Fulda Reifen GmbH
- Company type: GmbH
- Industry: Tire manufacturing
- Founded: 1900
- Founders: Gustav Becker, Moritz Hasenclever
- Defunct: September 30, 2025
- Fate: Plant closure; brand continues under Goodyear
- Headquarters: Fulda, Hesse, Germany
- Parent: Goodyear Tire & Rubber Company
- Website: www.fulda.com

= Fulda (tires) =

German tire manufacturer

Fulda Reifen GmbH was a German tire manufacturer headquartered in Fulda, Hesse. Founded in 1900, it became one of Germany's most recognized tire brands and was later integrated into the Goodyear group. Although the Fulda production plant was closed in 2025, the brand continues to be marketed by Goodyear.

== History ==
Fulda was established in 1900 by engineer Gustav Becker and merchant Moritz Hasenclever as Gummiwerke Fulda GmbH, originally producing technical rubber goods. In 1906, the company manufactured its first solid rubber tires.

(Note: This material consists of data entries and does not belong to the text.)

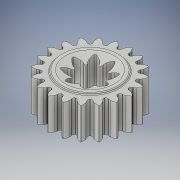
# Autodesk Inventor part: gear sleeve
Saved by Autodesk Inventor 2017 (Build 210142000, 142)
## iProperties
Created: 2020-09-28
Part Number: gear sleeve
Material: Generic
Document SubType Name: Modeling
Designer: Brandt
Density: 1 g/cm^3
Appearance: Default
Author: Brandt
Autodesk Inventor part; units mm, degrees
ref_plane "YZ Plane" through (0, 0, 0) normal (1, 0, 0) x (0, 1, 0)
ref_plane "XZ Plane" through (0, 0, 0) normal (0, 1, 0) x (-1, 0, 0)
ref_plane "XY Plane" through (0, 0, 0) normal (0, 0, 1) x (1, 0, 0)
sketch "Sketch10" plane through (0, 0, 0) normal (0, 1, 0) x (-1, 0, 0)
  circle A0 centre (0, 0) radius 5.9626 construction
  circle A1 centre (0, 0) radius 5.2737
  dimension "d40" = 11.9253
  dimension "d43" = 0.689
  constraints: 2 centre point, 2 coincident
  measures "d40" diameter of A0
  measures "d43" radial gap between concentric circles of A0 A1
extrude "Extrusion9" add sketch "Sketch10" along normal blind 5.461
sketch "Sketch11" plane through (0, 5.461, 0) normal (0, 1, 0) x (1, 0, 0)
  circle A0 centre (0, 0) radius 5.2737
  line L0 (0, 0) -> (0, 20.1574) construction
  arc A1 (0.0381, 6.5436) -> (-0.0381, 6.5436) centre (0, 0) ccw
  arc A2 (-0.0381, 6.5436) -> (-0.4496, 5.9535) centre (1.2694, 5.1933) ccw
  arc A3 (0.4496, 5.9535) -> (0.0381, 6.5436) centre (-1.2694, 5.1933) ccw
  line L1 (0.4496, 5.9535) -> (-0.4496, 5.9535) construction
  arc A4 (-0.4496, 5.9535) -> (-0.5382, 5.6131) centre (0.5493, 5.5117) ccw
  line L2 (0, 0) -> (-0.365, 3.7729) construction
  line L3 (0, 0) -> (0.3566, 3.6861) construction
  line L4 (0.5079, 5.2492) -> (0.5381, 5.5614)
  line L5 (-0.5079, 5.2492) -> (-0.5381, 5.5614)
  arc A5 (-0.5382, 5.6131) -> (-0.5381, 5.5614) centre (-0.2661, 5.5878) ccw
  arc A6 (0.5381, 5.5614) -> (0.5382, 5.6131) centre (0.2661, 5.5878) ccw
  line L6 (0.698, 5.2273) -> (-0.698, 5.2273)
  line L7 (0.2661, 5.5878) -> (-0.2661, 5.5878) construction
  circle A7 centre (0, 0) radius 5.2737 projected
  arc A8 (0.5382, 5.6131) -> (0.4496, 5.9535) centre (-0.5493, 5.5117) ccw
  point P0 (-0.2562, 2.6483)
  point P1 (0.1816, 1.8766)
  dimension "d71" = 1.396
  dimension "d72" = 0.0762
  dimension "d73" = 0.0381
  dimension "d74" = 6.5437
  dimension "d75" = 0.698
  dimension "d76" = 1.8796
  dimension "d77" = 1.8796
  dimension "d78" = 0.8992
  dimension "d79" = 1.0922
  dimension "d81" = 0.2733
  dimension "d82" = 0.4496
  dimension "d83" = 0.3657
  dimension "d84" = 0.5321
  dimension "d85" = 0.2661
  dimension "d86" = 0.5901
  dimension "d87" = 11.053
  dimension "d95" = 1.0922
  constraints: 18 point on circle, 16 end point, 8 centre point, 7 tangent, 6 point on line, 4 coincident, 2 horizontal, 1 concentric, 1 vertical
  measures "d71" distance of L6.end L6.start
  measures "d72" distance of A1.end A3.end
  measures "d73" distance from line of L0 A1.end
  measures "d74" radius of A1
  measures "d75" horizontal distance of L0.start L6.start
  measures "d76" radius of A2
  measures "d77" radius of A3
  measures "d78" distance of L1.start L1.end
  measures "d79" radius of A4
  measures "d81" radius of A5
  measures "d82" horizontal distance of point (0, 0) L1.start
  measures "d83" distance from line of L1 L7.end
  measures "d84" distance of L7.start L7.end
  measures "d85" distance from line of L0 L7.start
  measures "d86" distance from line of L1 A1.end
  measures "d87" angle of L3 L2
  measures "d95" radius of A8
extrude "Extrusion10" add sketch "Sketch11" against normal up to surface (5.461 mm away) contours A0 L5 A5 A4 A2 A1 A3 A8 A6 L4
fillet "Fillet5" radius 0.3175 2 edges at (-0.5079, 2.7305, -5.2492) (0.5079, 2.7305, -5.2492)
pattern_circular "Circular Pattern4" count 20 over 360 about axis through (0, 0, 0) along (0, 1, 0) of "Extrusion10", "Fillet5"
sketch "Sketch12" plane through (0, 0, 0) normal (0, -1, 0) x (-1, 0, 0)
  arc A0 (-1.0187, 1.6285) -> (-1.0516, 1.6075) centre (0, 0) ccw construction
  arc A1 (-1.4637, 1.6634) -> (-1.0516, 1.6075) centre (-1.2254, 1.8732) ccw construction
  line L0 (-1.4637, 1.6634) -> (-1.4758, 1.6771) construction
  arc A2 (-1.4758, 1.6771) -> (-1.5461, 1.7343) centre (-1.6809, 1.4966) ccw construction
  arc A3 (-1.5461, 1.7343) -> (-1.876, 1.8563) centre (-2.085, 0.7843) ccw construction
  arc A4 (-1.876, 1.8563) -> (-2.5953, 1.8563) centre (-2.2357, 0.0114) ccw construction
  arc A5 (-2.5953, 1.8563) -> (-2.6389, 1.7938) centre (0, 0) ccw construction
  arc A6 (-2.6389, 1.7938) -> (-2.3903, 1.1188) centre (-0.7834, 2.0939) ccw construction
  arc A7 (-2.3903, 1.1188) -> (-2.1618, 0.8514) centre (-1.4566, 1.6854) ccw construction
  arc A8 (-2.1618, 0.8514) -> (-2.0838, 0.8052) centre (-1.9853, 1.0601) ccw construction
  line L1 (-2.0838, 0.8052) -> (-2.0668, 0.7986) construction
  arc A9 (-1.8719, 0.4312) -> (-2.0668, 0.7986) centre (-2.1813, 0.5024) ccw construction
  arc A10 (-1.8719, 0.4312) -> (-1.8802, 0.3931) centre (0, 0) ccw construction
  arc A11 (-2.2112, 0.1412) -> (-1.8802, 0.3931) centre (-2.191, 0.4581) ccw construction
  line L2 (-2.2112, 0.1412) -> (-2.2294, 0.1424) construction
  arc A12 (-2.2294, 0.1424) -> (-2.3196, 0.1331) centre (-2.2468, -0.1304) ccw construction
  arc A13 (-2.3196, 0.1331) -> (-2.6391, -0.0139) centre (-2.0289, -0.9197) ccw construction
  arc A14 (-2.6391, -0.0139) -> (-3.1478, -0.5226) centre (-1.5889, -1.5728) ccw construction
  arc A15 (-3.1478, -0.5226) -> (-3.1344, -0.5976) centre (0, 0) ccw construction
  arc A16 (-3.1344, -0.5976) -> (-2.4813, -0.8991) centre (-2.0346, 0.9266) ccw construction
  arc A17 (-2.4813, -0.8991) -> (-2.1306, -0.9266) centre (-2.2217, 0.1618) ccw construction
  arc A18 (-2.1306, -0.9266) -> (-2.0428, -0.9042) centre (-2.1534, -0.6542) ccw construction
  line L3 (-2.0428, -0.9042) -> (-2.0262, -0.8968) construction
  arc A19 (-1.6285, -1.0187) -> (-2.0262, -0.8968) centre (-1.8977, -1.1871) ccw construction
  arc A20 (-1.6285, -1.0187) -> (-1.6075, -1.0516) centre (0, 0) ccw construction
  arc A21 (-1.6634, -1.4637) -> (-1.6075, -1.0516) centre (-1.8732, -1.2254) ccw construction
  line L4 (-1.6634, -1.4637) -> (-1.6771, -1.4758) construction
  arc A22 (-1.6771, -1.4758) -> (-1.7343, -1.5461) centre (-1.4966, -1.6809) ccw construction
  arc A23 (-1.7343, -1.5461) -> (-1.8563, -1.876) centre (-0.7843, -2.085) ccw construction
  arc A24 (-1.8563, -1.876) -> (-1.8563, -2.5953) centre (-0.0114, -2.2357) ccw construction
  arc A25 (-1.8563, -2.5953) -> (-1.7938, -2.6389) centre (0, 0) ccw construction
  arc A26 (-1.7938, -2.6389) -> (-1.1188, -2.3903) centre (-2.0939, -0.7834) ccw construction
  arc A27 (-1.1188, -2.3903) -> (-0.8514, -2.1618) centre (-1.6854, -1.4566) ccw construction
  arc A28 (-0.8514, -2.1618) -> (-0.8052, -2.0838) centre (-1.0601, -1.9853) ccw construction
  line L5 (-0.8052, -2.0838) -> (-0.7986, -2.0668) construction
  arc A29 (-0.4312, -1.8719) -> (-0.7986, -2.0668) centre (-0.5024, -2.1813) ccw construction
  arc A30 (-0.4312, -1.8719) -> (-0.3931, -1.8802) centre (0, 0) ccw construction
  arc A31 (-0.1412, -2.2112) -> (-0.3931, -1.8802) centre (-0.4581, -2.191) ccw construction
  line L6 (-0.1412, -2.2112) -> (-0.1424, -2.2294) construction
  arc A32 (-0.1424, -2.2294) -> (-0.1331, -2.3196) centre (0.1304, -2.2468) ccw construction
  arc A33 (-0.1331, -2.3196) -> (0.0139, -2.6391) centre (0.9197, -2.0289) ccw construction
  arc A34 (0.0139, -2.6391) -> (0.5226, -3.1478) centre (1.5728, -1.5889) ccw construction
  arc A35 (0.5226, -3.1478) -> (0.5976, -3.1344) centre (0, 0) ccw construction
  arc A36 (0.5976, -3.1344) -> (0.8991, -2.4813) centre (-0.9266, -2.0346) ccw construction
  arc A37 (0.8991, -2.4813) -> (0.9266, -2.1306) centre (-0.1618, -2.2217) ccw construction
  arc A38 (0.9266, -2.1306) -> (0.9042, -2.0428) centre (0.6542, -2.1534) ccw construction
  line L7 (0.9042, -2.0428) -> (0.8968, -2.0262) construction
  arc A39 (1.0187, -1.6285) -> (0.8968, -2.0262) centre (1.1871, -1.8977) ccw construction
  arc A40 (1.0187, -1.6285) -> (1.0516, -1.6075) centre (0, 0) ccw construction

In January 1909, it was converted into a joint-stock company (Gummi-Werke Fulda AG), with most shareholders from Hasenclever's family.

In 1927, Fulda merged with the Seiberling Rubber Co. of Akron, Ohio, and began producing pneumatic tires with inner tubes. In 1935, it started manufacturing Buna synthetic rubber tires, and its shares were acquired by Vorwerk & Sohn, a company based in Wuppertal.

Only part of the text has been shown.